# Available data:
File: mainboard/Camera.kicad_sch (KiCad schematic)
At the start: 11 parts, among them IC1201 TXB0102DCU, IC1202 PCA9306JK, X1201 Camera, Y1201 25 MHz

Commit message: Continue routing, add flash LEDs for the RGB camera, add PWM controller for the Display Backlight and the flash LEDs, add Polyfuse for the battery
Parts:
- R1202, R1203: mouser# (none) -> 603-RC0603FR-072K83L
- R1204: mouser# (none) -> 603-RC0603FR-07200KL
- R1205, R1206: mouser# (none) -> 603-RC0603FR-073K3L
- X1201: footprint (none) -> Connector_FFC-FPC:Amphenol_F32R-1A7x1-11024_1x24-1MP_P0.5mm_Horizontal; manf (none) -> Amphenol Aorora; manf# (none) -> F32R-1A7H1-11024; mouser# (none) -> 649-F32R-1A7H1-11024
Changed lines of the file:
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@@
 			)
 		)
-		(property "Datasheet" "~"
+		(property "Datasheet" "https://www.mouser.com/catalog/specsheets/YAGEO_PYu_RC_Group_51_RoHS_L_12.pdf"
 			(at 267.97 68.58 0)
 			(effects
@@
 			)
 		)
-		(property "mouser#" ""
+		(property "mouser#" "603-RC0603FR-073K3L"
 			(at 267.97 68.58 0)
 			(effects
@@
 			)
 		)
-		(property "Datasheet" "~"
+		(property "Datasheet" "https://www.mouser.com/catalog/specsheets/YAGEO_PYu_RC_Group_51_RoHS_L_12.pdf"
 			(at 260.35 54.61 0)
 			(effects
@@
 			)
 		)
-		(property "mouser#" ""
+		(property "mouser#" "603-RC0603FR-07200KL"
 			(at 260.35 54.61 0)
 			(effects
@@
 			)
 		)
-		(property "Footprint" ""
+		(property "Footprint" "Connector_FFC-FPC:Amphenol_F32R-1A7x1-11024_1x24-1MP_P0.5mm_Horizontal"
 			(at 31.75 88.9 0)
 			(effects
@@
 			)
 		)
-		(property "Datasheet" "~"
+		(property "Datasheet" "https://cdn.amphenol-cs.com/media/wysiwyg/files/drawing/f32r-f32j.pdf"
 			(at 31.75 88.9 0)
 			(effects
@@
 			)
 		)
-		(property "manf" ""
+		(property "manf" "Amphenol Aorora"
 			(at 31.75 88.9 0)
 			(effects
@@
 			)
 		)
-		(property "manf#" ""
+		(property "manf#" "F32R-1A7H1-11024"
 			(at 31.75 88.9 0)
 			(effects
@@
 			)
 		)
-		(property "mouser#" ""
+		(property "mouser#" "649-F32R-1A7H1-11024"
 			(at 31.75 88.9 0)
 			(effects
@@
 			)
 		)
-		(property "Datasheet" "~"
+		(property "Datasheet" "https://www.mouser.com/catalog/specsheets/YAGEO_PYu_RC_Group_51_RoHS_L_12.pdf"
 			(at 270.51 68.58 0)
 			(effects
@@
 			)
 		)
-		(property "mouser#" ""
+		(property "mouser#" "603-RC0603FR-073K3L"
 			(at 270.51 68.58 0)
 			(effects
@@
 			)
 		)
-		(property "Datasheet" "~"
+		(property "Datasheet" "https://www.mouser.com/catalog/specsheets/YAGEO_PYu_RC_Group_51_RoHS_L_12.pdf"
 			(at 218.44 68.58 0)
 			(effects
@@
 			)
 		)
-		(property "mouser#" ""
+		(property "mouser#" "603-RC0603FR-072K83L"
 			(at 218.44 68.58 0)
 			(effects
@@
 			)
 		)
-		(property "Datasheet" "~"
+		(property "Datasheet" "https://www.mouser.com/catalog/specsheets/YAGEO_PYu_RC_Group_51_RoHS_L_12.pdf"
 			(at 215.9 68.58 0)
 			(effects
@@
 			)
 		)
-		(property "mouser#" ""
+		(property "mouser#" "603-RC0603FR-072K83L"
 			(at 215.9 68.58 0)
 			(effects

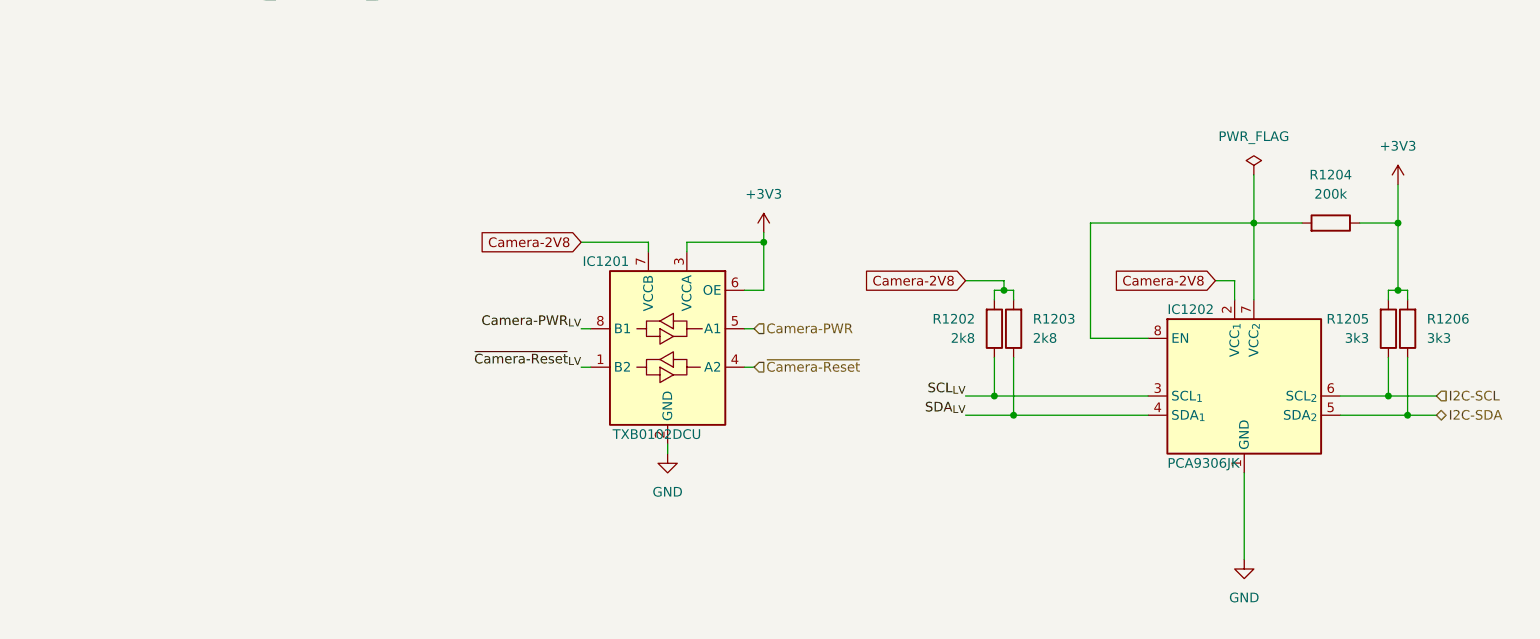
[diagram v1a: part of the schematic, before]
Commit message: Remove ADC for battery measurement and add a fuel gauge
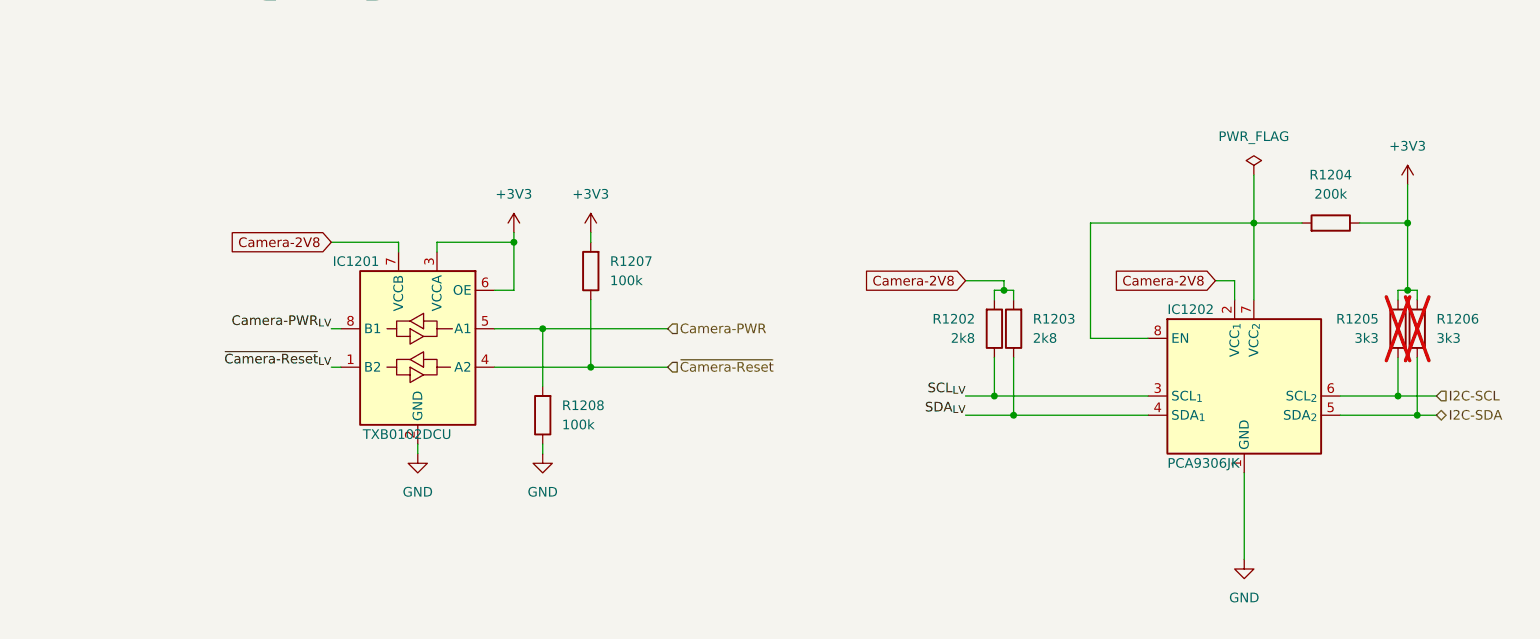
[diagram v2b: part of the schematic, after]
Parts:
- added R1207, R1208: 100k, Resistor_SMD:R_0603_1608Metric, symbol Device:R
- R1205, R1206: now not fitted; now left out of the parts list
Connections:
- net +3V3: now also R1207.2
- net Camera-PWR: now also R1208.2
- net GND: now also R1208.1
- net ~{Camera-Reset}: now also R1207.1
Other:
- moved on the sheet: IC1201

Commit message: Layout complete
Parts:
- R1201: now fitted
- renumbered R1208 to R1202, R1207 to R1203, R1202 to R1204, R1203 to R1205, R1204 to R1206, R1205 to R1207, R1206 to R1208
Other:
- moved on the sheet: C1201, IC1201, IC1202, R1202, R1203, R1204, R1205, R1206, R1207, R1208, Y1201

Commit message: Task: Issue #7
- Increase the width of the cutout for the temperature sensor
- Add missing component informations
- Fix wrong component informations

Closes: #7

Signed-off-by: Daniel Kampert <DanielKampert@kampis-elektroecke.de>
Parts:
- R1201: mouser# 652-CR0603-J/-000ELF -> 652-CR1206-J/-000ELF
- R1206: manf# RC0603FR-07200KL -> RC0603FR-073K3L
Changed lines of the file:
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@@
 			)
 		)
-		(property "manf#" "RC0603FR-07200KL"
+		(property "manf#" "RC0603FR-073K3L"
 			(at 257.81 77.47 0)
 			(effects
@@
 			)
 		)
-		(property "mouser#" "652-CR0603-J/-000ELF"
+		(property "mouser#" "652-CR1206-J/-000ELF"
 			(at 59.69 63.5 0)
 			(effects

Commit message: Bug: Fixing several component issues
Closes: #17
Closes: #16
Closes: #15
Closes: #14
Closes: #13
Closes: #12

Signed-off-by: Daniel Kampert <danielkampert@kampis-elektroecke.de>
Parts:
- IC1201: manf# TXB0102DCUT -> TXB0102DCUR; mouser# 595-TXB0102DCUT -> 595-TXB0102DCUR
- Y1201: manf ASDDV-25.000MHz-LC-T3 -> ABRACON; manf# ABRACON -> ASDDV-25.000MHz-LC-T3
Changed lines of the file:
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@@
 			)
 		)
-		(property "manf" "ASDDV-25.000MHz-LC-T3"
+		(property "manf" "ABRACON"
 			(at 215.9 129.54 0)
 			(effects
@@
 			)
 		)
-		(property "manf#" "ABRACON"
+		(property "manf#" "ASDDV-25.000MHz-LC-T3"
 			(at 215.9 129.54 0)
 			(effects
@@
 			)
 		)
-		(property "manf#" "TXB0102DCUT"
+		(property "manf#" "TXB0102DCUR"
 			(at 139.7 87.63 0)
 			(effects
@@
 			)
 		)
-		(property "mouser#" "595-TXB0102DCUT"
+		(property "mouser#" "595-TXB0102DCUR "
 			(at 139.7 87.63 0)
 			(effects

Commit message: Prepare release 1.0.2
Signed-off-by: Daniel Kampert <DanielKampert@kampis-elektroecke.de>
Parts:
- IC1201: mouser# 595-TXB0102DCUR -> 595-TXB0102DCUR
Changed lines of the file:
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@@
 			)
 		)
-		(property "mouser#" "595-TXB0102DCUR "
+		(property "mouser#" "595-TXB0102DCUR"
 			(at 139.7 87.63 0)
 			(effects

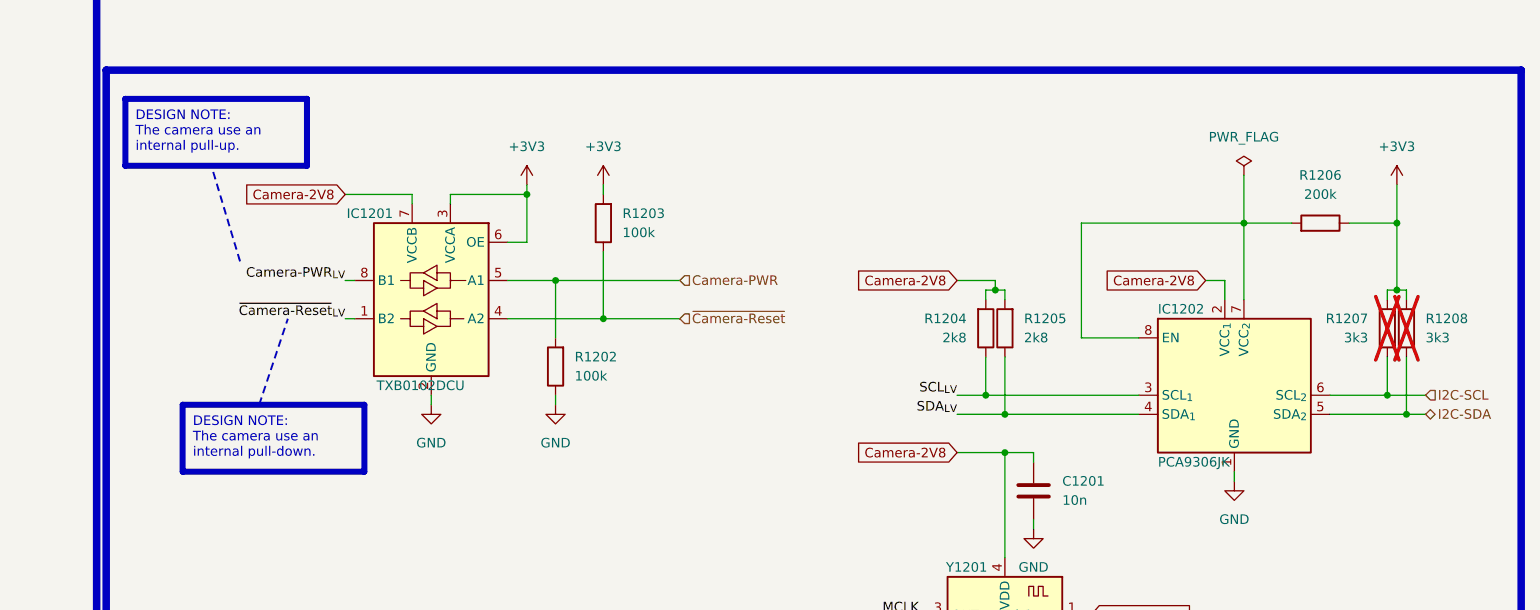
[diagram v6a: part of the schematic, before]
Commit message: Changed: Fix different minor assembly ToDos
Signed-off-by: Daniel Kampert <DanielKampert@kampis-elektroecke.de>
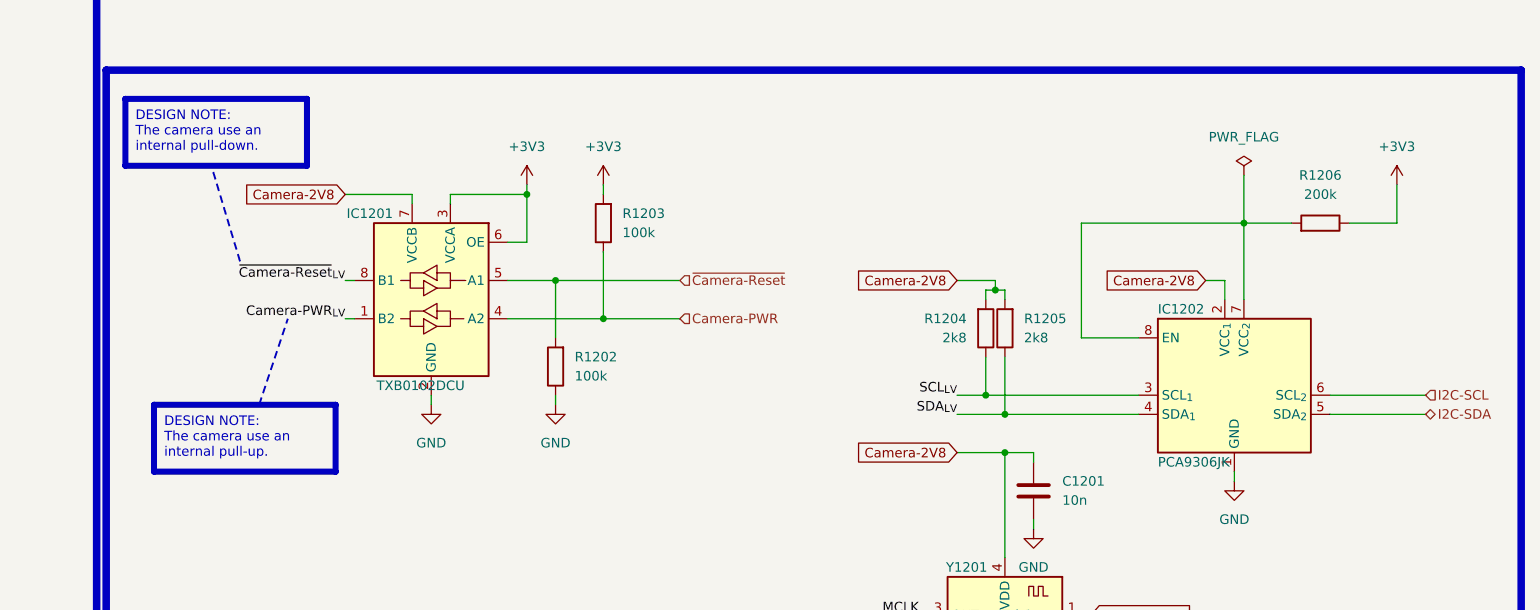
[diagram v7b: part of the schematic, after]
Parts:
- removed R1207, R1208: 3k3, Resistor_SMD:R_0603_1608Metric, symbol Device:R
- R1204, R1205: manf# RC0603FR-072K83L -> RC0603FR-072K8L; mouser# 603-RC0603FR-072K83L -> 603-RC0603FR-072K8L
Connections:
- net Camera-PWR: now also IC1201.4 (A2), R1203.1; no longer IC1201.5 (A1), R1202.2
- net Camera-PWR_{LV}: now also IC1201.1 (B2); no longer IC1201.8 (B1)
- net ~{Camera-Reset}: now also IC1201.5 (A1), R1202.2; no longer IC1201.4 (A2), R1203.1
- net ~{Camera-Reset}_{LV}: now also IC1201.8 (B1); no longer IC1201.1 (B2)

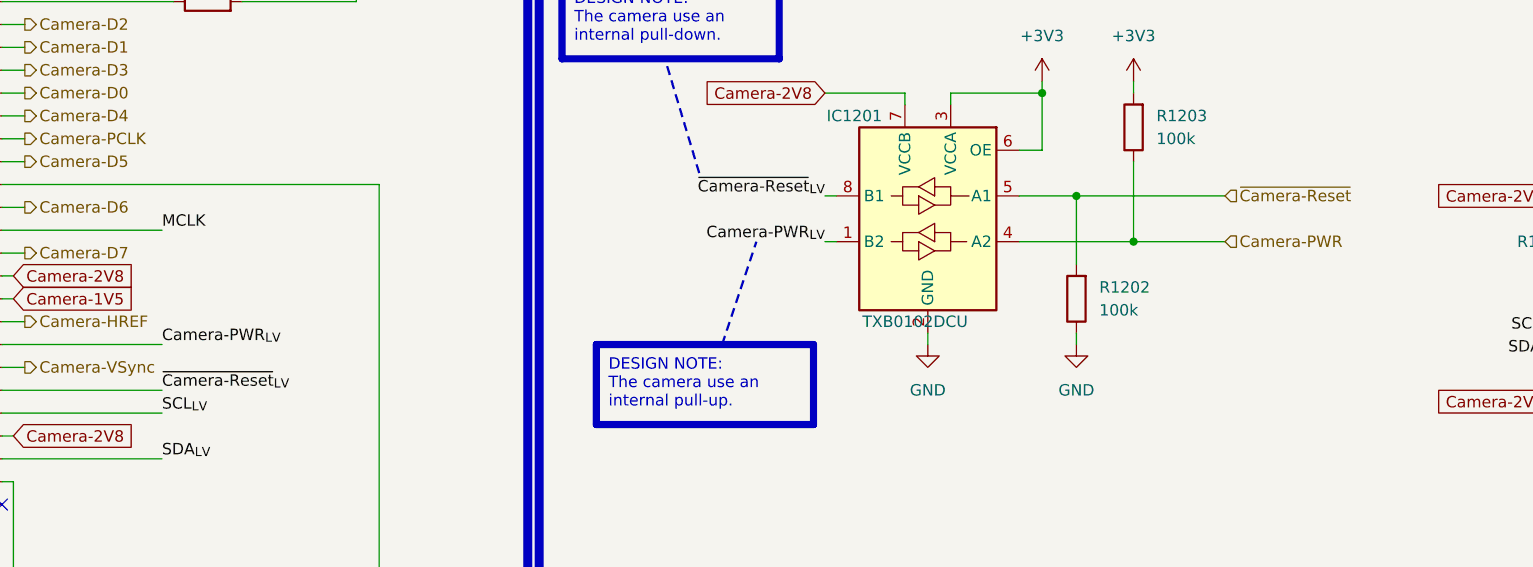
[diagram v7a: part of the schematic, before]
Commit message: Removed: Remove camera PWD signal from camera power supply enable
- The camera PWD signal is now used as a separate signal
- Solves incompatible signal levels for both enable pins
- Fix DRC issues

Signed-off-by: Daniel Kampert <DanielKampert@kampis-elektroecke.de>
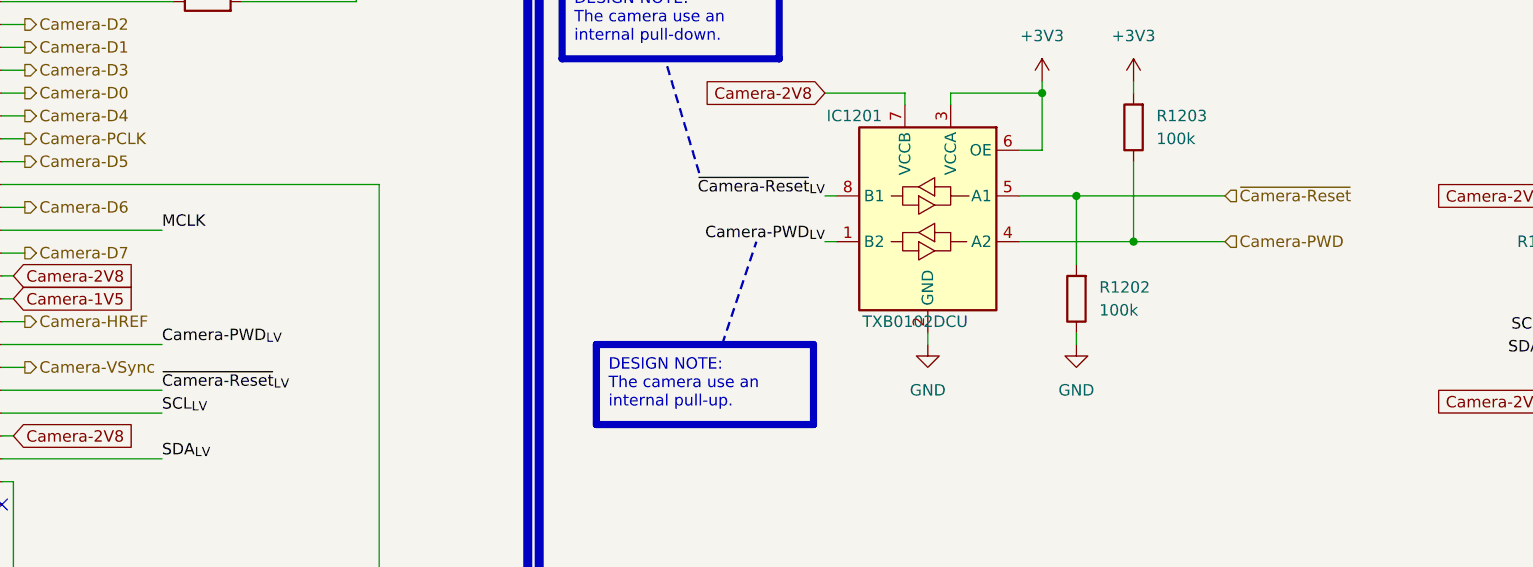
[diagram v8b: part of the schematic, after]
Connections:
- net Camera-PWR renamed Camera-PWD
- net Camera-PWR_{LV} renamed Camera-PWD_{LV}
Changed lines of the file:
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@@
 		)
 	)
-	(label "Camera-PWR_{LV}"
+	(label "Camera-PWD_{LV}"
 		(at 54.61 101.6 0)
 		(effects
@@
 		)
 	)
-	(label "Camera-PWR_{LV}"
+	(label "Camera-PWD_{LV}"
 		(at 128.27 90.17 180)
 		(effects
@@
 		)
 	)
-	(hierarchical_label "Camera-PWR"
+	(hierarchical_label "Camera-PWD"
 		(shape input)
 		(at 172.72 90.17 0)

# What is expected:
Show all lines of the material in which the word "symbol" can be found.

# Response to this exercise:
- added R1207, R1208: 100k, Resistor_SMD:R_0603_1608Metric, symbol Device:R
- removed R1207, R1208: 3k3, Resistor_SMD:R_0603_1608Metric, symbol Device:R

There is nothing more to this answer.